When Does My Boss Leave? AI generated chapter summary:
When does my boss leave? Well, the answer is not very often right now, because I have a nine month old daughter. Some people say that you're more productive when you are kids. You have to be very motivated to get things done quickly.
Enrico BertiniSo, Moritz, did you ask to Mike, the question from Robert. From Robert Kosara?
Moritz StefanerOh, yeah. No, I haven't yet. So you can ask it.
Enrico BertiniSo Robert Kosara is asking, when does my boss leave?
Mike BostockWell, the answer is not very often right now, because I have a nine month old daughter.
Enrico BertiniOh, well, so we know something about that. Me and Moritz.
Mike BostockYeah, yeah, yeah, yeah.
Moritz StefanerBut that makes it even more crazy.
Mike BostockYeah, yeah, yeah.
Enrico BertiniSome people say that you're more productive when you are kids. I still have to understand whether it's true or not.
Mike BostockYeah. You have to be very motivated to get things done quickly because you don't know what you.
Shan CarterExactly.
Moritz StefanerYou're more time efficient. I think for me it worked out like that, that I was chopping up my work then in really little pieces that I made sure I would manage to do and got much more smart about like what I do when I. Because it could like, it could be over any time. You have to make sure to do the important stuff first and stuff like that. Nice. Okay.
A Very Strange Episode AI generated chapter summary:
Okay. Should we stop here, Moritz? Yeah, I mean, we are at 90 minutes almost. I'm really sorry, guys. It's been a really weird here. Yeah, it was a nice episode, so you can enjoy it.
Moritz StefanerYou're more time efficient. I think for me it worked out like that, that I was chopping up my work then in really little pieces that I made sure I would manage to do and got much more smart about like what I do when I. Because it could like, it could be over any time. You have to make sure to do the important stuff first and stuff like that. Nice. Okay.
Enrico BertiniShould we stop here, Moritz?
Moritz StefanerYeah, I mean, we are at 90 minutes almost. I mean, we could go on for hours.
Enrico BertiniI'm looking forward to listen.
Moritz StefanerYeah, it was a nice episode, so you can enjoy it, I guess.
Enrico BertiniI'm really sorry, guys. It's been a really weird here.
Moritz StefanerNo worries, no worries. Anything else you want to add? Like, did we forget to ask something really obvious or do you want to sneak in something like little. Any announcement? Self promotion.
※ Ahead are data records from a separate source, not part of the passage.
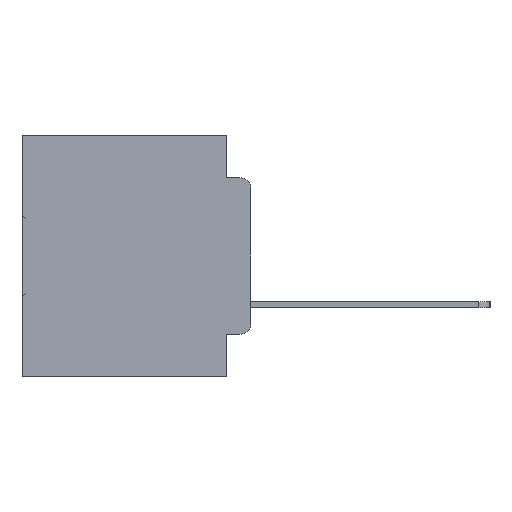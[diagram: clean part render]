
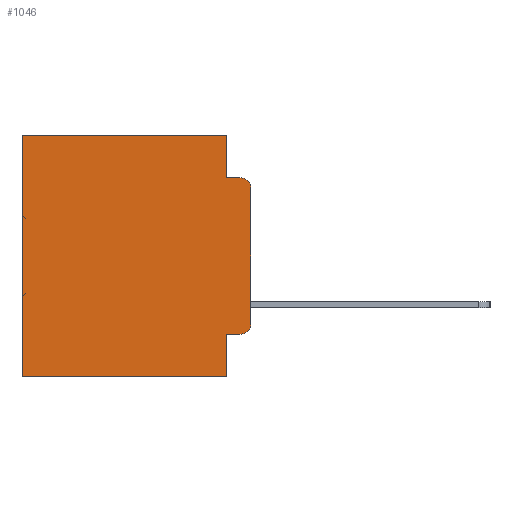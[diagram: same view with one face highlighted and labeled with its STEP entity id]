
A CAD part, left-side view. The second image highlights one B-rep face of the part: STEP entity #1046.
In plain terms, the highlighted planar face has unit normal (-1, 0, 0).
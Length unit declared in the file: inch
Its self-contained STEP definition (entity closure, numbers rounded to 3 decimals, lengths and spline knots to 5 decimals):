
#7 = ORIENTED_EDGE ( 'NONE', *, *, #6606, .T. ) ;
#1046 = ADVANCED_FACE ( 'NONE', ( #17007 ), #32919, .F. ) ;
#1188 = DIRECTION ( 'NONE',  ( 0., 0., -1. ) ) ;
#1389 = CARTESIAN_POINT ( 'NONE',  ( 0.298, 0.051, -0.0885 ) ) ;
#1459 = EDGE_LOOP ( 'NONE', ( #22187, #8716, #4478, #12421, #5439, #13351, #21767, #29298, #7, #10144 ) ) ;
#2186 = CARTESIAN_POINT ( 'NONE',  ( 0.298, 0.473, 0. ) ) ;
#3170 = EDGE_CURVE ( 'NONE', #9310, #4926, #35916, .T. ) ;
#3719 = CARTESIAN_POINT ( 'NONE',  ( 0.298, 0., 0. ) ) ;
#3801 = EDGE_CURVE ( 'NONE', #24891, #9053, #29232, .T. ) ;
#4478 = ORIENTED_EDGE ( 'NONE', *, *, #23325, .F. ) ;
#4813 = AXIS2_PLACEMENT_3D ( 'NONE', #27524, #13738, #1188 ) ;
#4926 = VERTEX_POINT ( 'NONE', #19054 ) ;
#5336 = EDGE_CURVE ( 'NONE', #36513, #9310, #36146, .T. ) ;
#5339 = EDGE_CURVE ( 'NONE', #24891, #35664, #14929, .T. ) ;
#5353 = VECTOR ( 'NONE', #25666, 39.37008 ) ;
#5439 = ORIENTED_EDGE ( 'NONE', *, *, #5339, .T. ) ;
#5473 = VERTEX_POINT ( 'NONE', #21811 ) ;
#6214 = DIRECTION ( 'NONE',  ( 0., 0., -1. ) ) ;
#6606 = EDGE_CURVE ( 'NONE', #36513, #32091, #26537, .T. ) ;
#6811 = DIRECTION ( 'NONE',  ( 0., 1., 0. ) ) ;
#7334 = EDGE_CURVE ( 'NONE', #32091, #5473, #15463, .T. ) ;
#8716 = ORIENTED_EDGE ( 'NONE', *, *, #25232, .T. ) ;
#9053 = VERTEX_POINT ( 'NONE', #17117 ) ;
#9116 = CARTESIAN_POINT ( 'NONE',  ( 0.298, 0.02, -0.1085 ) ) ;
#9310 = VERTEX_POINT ( 'NONE', #26524 ) ;
#10144 = ORIENTED_EDGE ( 'NONE', *, *, #7334, .T. ) ;
#10627 = DIRECTION ( 'NONE',  ( 0., 1., 0. ) ) ;
#10633 = CARTESIAN_POINT ( 'NONE',  ( 0.298, 0.051, -0.4115 ) ) ;
#12115 = DIRECTION ( 'NONE',  ( 0., 0., -1. ) ) ;
#12421 = ORIENTED_EDGE ( 'NONE', *, *, #3801, .F. ) ;
#12759 = VERTEX_POINT ( 'NONE', #17039 ) ;
#13265 = DIRECTION ( 'NONE',  ( 0., 0., -1. ) ) ;
#13351 = ORIENTED_EDGE ( 'NONE', *, *, #31658, .T. ) ;
#13563 = DIRECTION ( 'NONE',  ( 0., -1., 0. ) ) ;
#13738 = DIRECTION ( 'NONE',  ( 1., 0., 0. ) ) ;
#14019 = CARTESIAN_POINT ( 'NONE',  ( 0.298, 0.02, -0.4115 ) ) ;
#14057 = VECTOR ( 'NONE', #15538, 39.37008 ) ;
#14144 = DIRECTION ( 'NONE',  ( -1., 0., 0. ) ) ;
#14929 = LINE ( 'NONE', #3719, #35333 ) ;
#14949 = LINE ( 'NONE', #23504, #35350 ) ;
#15062 = VECTOR ( 'NONE', #10627, 39.37008 ) ;
#15463 = CIRCLE ( 'NONE', #21778, 0.02 ) ;
#15538 = DIRECTION ( 'NONE',  ( 0., 0., -1. ) ) ;
#16357 = LINE ( 'NONE', #32762, #36585 ) ;
#16438 = DIRECTION ( 'NONE',  ( 0., -1., 0. ) ) ;
#17007 = FACE_OUTER_BOUND ( 'NONE', #1459, .T. ) ;
#17039 = CARTESIAN_POINT ( 'NONE',  ( 0.298, 0.02, -0.0885 ) ) ;
#17117 = CARTESIAN_POINT ( 'NONE',  ( 0.298, 0.051, -0.0885 ) ) ;
#18121 = VECTOR ( 'NONE', #13563, 39.37008 ) ;
#18395 = VERTEX_POINT ( 'NONE', #33103 ) ;
#19054 = CARTESIAN_POINT ( 'NONE',  ( 0.298, 0.473, -0.5 ) ) ;
#21419 = EDGE_CURVE ( 'NONE', #18395, #5473, #16357, .T. ) ;
#21767 = ORIENTED_EDGE ( 'NONE', *, *, #3170, .F. ) ;
#21778 = AXIS2_PLACEMENT_3D ( 'NONE', #30996, #14144, #33637 ) ;
#21811 = CARTESIAN_POINT ( 'NONE',  ( 0.298, 0., -0.3915 ) ) ;
#22086 = CARTESIAN_POINT ( 'NONE',  ( 0.298, 0., -0.5 ) ) ;
#22187 = ORIENTED_EDGE ( 'NONE', *, *, #21419, .F. ) ;
#22815 = AXIS2_PLACEMENT_3D ( 'NONE', #9116, #29113, #12115 ) ;
#23251 = CARTESIAN_POINT ( 'NONE',  ( 0.298, 0.051, -0.4115 ) ) ;
#23325 = EDGE_CURVE ( 'NONE', #9053, #12759, #36472, .T. ) ;
#23504 = CARTESIAN_POINT ( 'NONE',  ( 0.298, 0.473, 0. ) ) ;
#24595 = VECTOR ( 'NONE', #16438, 39.37008 ) ;
#24891 = VERTEX_POINT ( 'NONE', #30109 ) ;
#25232 = EDGE_CURVE ( 'NONE', #18395, #12759, #33645, .T. ) ;
#25666 = DIRECTION ( 'NONE',  ( 0., 0., -1. ) ) ;
#26524 = CARTESIAN_POINT ( 'NONE',  ( 0.298, 0.051, -0.5 ) ) ;
#26537 = LINE ( 'NONE', #10633, #18121 ) ;
#27524 = CARTESIAN_POINT ( 'NONE',  ( 0.298, 0., 0. ) ) ;
#28517 = CARTESIAN_POINT ( 'NONE',  ( 0.298, 0.051, 0. ) ) ;
#29113 = DIRECTION ( 'NONE',  ( -1., 0., 0. ) ) ;
#29232 = LINE ( 'NONE', #28517, #5353 ) ;
#29298 = ORIENTED_EDGE ( 'NONE', *, *, #5336, .F. ) ;
#30109 = CARTESIAN_POINT ( 'NONE',  ( 0.298, 0.051, 0. ) ) ;
#30996 = CARTESIAN_POINT ( 'NONE',  ( 0.298, 0.02, -0.3915 ) ) ;
#31658 = EDGE_CURVE ( 'NONE', #35664, #4926, #14949, .T. ) ;
#32091 = VERTEX_POINT ( 'NONE', #14019 ) ;
#32318 = CARTESIAN_POINT ( 'NONE',  ( 0.298, 0.051, 0. ) ) ;
#32762 = CARTESIAN_POINT ( 'NONE',  ( 0.298, 0., 0. ) ) ;
#32919 = PLANE ( 'NONE',  #4813 ) ;
#33103 = CARTESIAN_POINT ( 'NONE',  ( 0.298, 0., -0.1085 ) ) ;
#33637 = DIRECTION ( 'NONE',  ( 0., 0., -1. ) ) ;
#33645 = CIRCLE ( 'NONE', #22815, 0.02 ) ;
#35333 = VECTOR ( 'NONE', #6811, 39.37008 ) ;
#35350 = VECTOR ( 'NONE', #6214, 39.37008 ) ;
#35664 = VERTEX_POINT ( 'NONE', #2186 ) ;
#35916 = LINE ( 'NONE', #22086, #15062 ) ;
#36146 = LINE ( 'NONE', #32318, #14057 ) ;
#36472 = LINE ( 'NONE', #1389, #24595 ) ;
#36513 = VERTEX_POINT ( 'NONE', #23251 ) ;
#36585 = VECTOR ( 'NONE', #13265, 39.37008 ) ;

Come on.
WWE12 AI generated chapter summary:
Sean: I think we covered most everything. We're going to put up a post, hope to include as many of the links we talked about as possible. Maybe we can do one in a year or so. It could be fun. Thanks for having us on.
Moritz StefanerNo worries, no worries. Anything else you want to add? Like, did we forget to ask something really obvious or do you want to sneak in something like little. Any announcement? Self promotion. Come on.
Enrico BertiniDo they need any self promotion? More than that.
Mike BostockYou want to add anything, Sean? Okay.
Shan CarterI think we covered most everything.
Moritz StefanerThat's good. Cool.
Shan CarterYeah.
Moritz StefanerIt was fantastic to have you. Very interesting. We're going to put up a post, hope to include as many of the links we talked about as possible. I think listeners will have to see the graphics in parallel, hopefully. It was great hearing the inside story. Maybe we can do one in a year or so. Talking about before. That's all Webgl based.
Shan CarterYeah, right.
Moritz StefanerIt could be fun.
Mike BostockAll right, sounds great.
Moritz StefanerOk, doke, thanks so much.
Shan CarterYeah, yeah. Thanks for having us on.
Moritz StefanerYeah, thanks for joining and cheers.
Mike BostockBye. Bye. Bye, guys. Bye.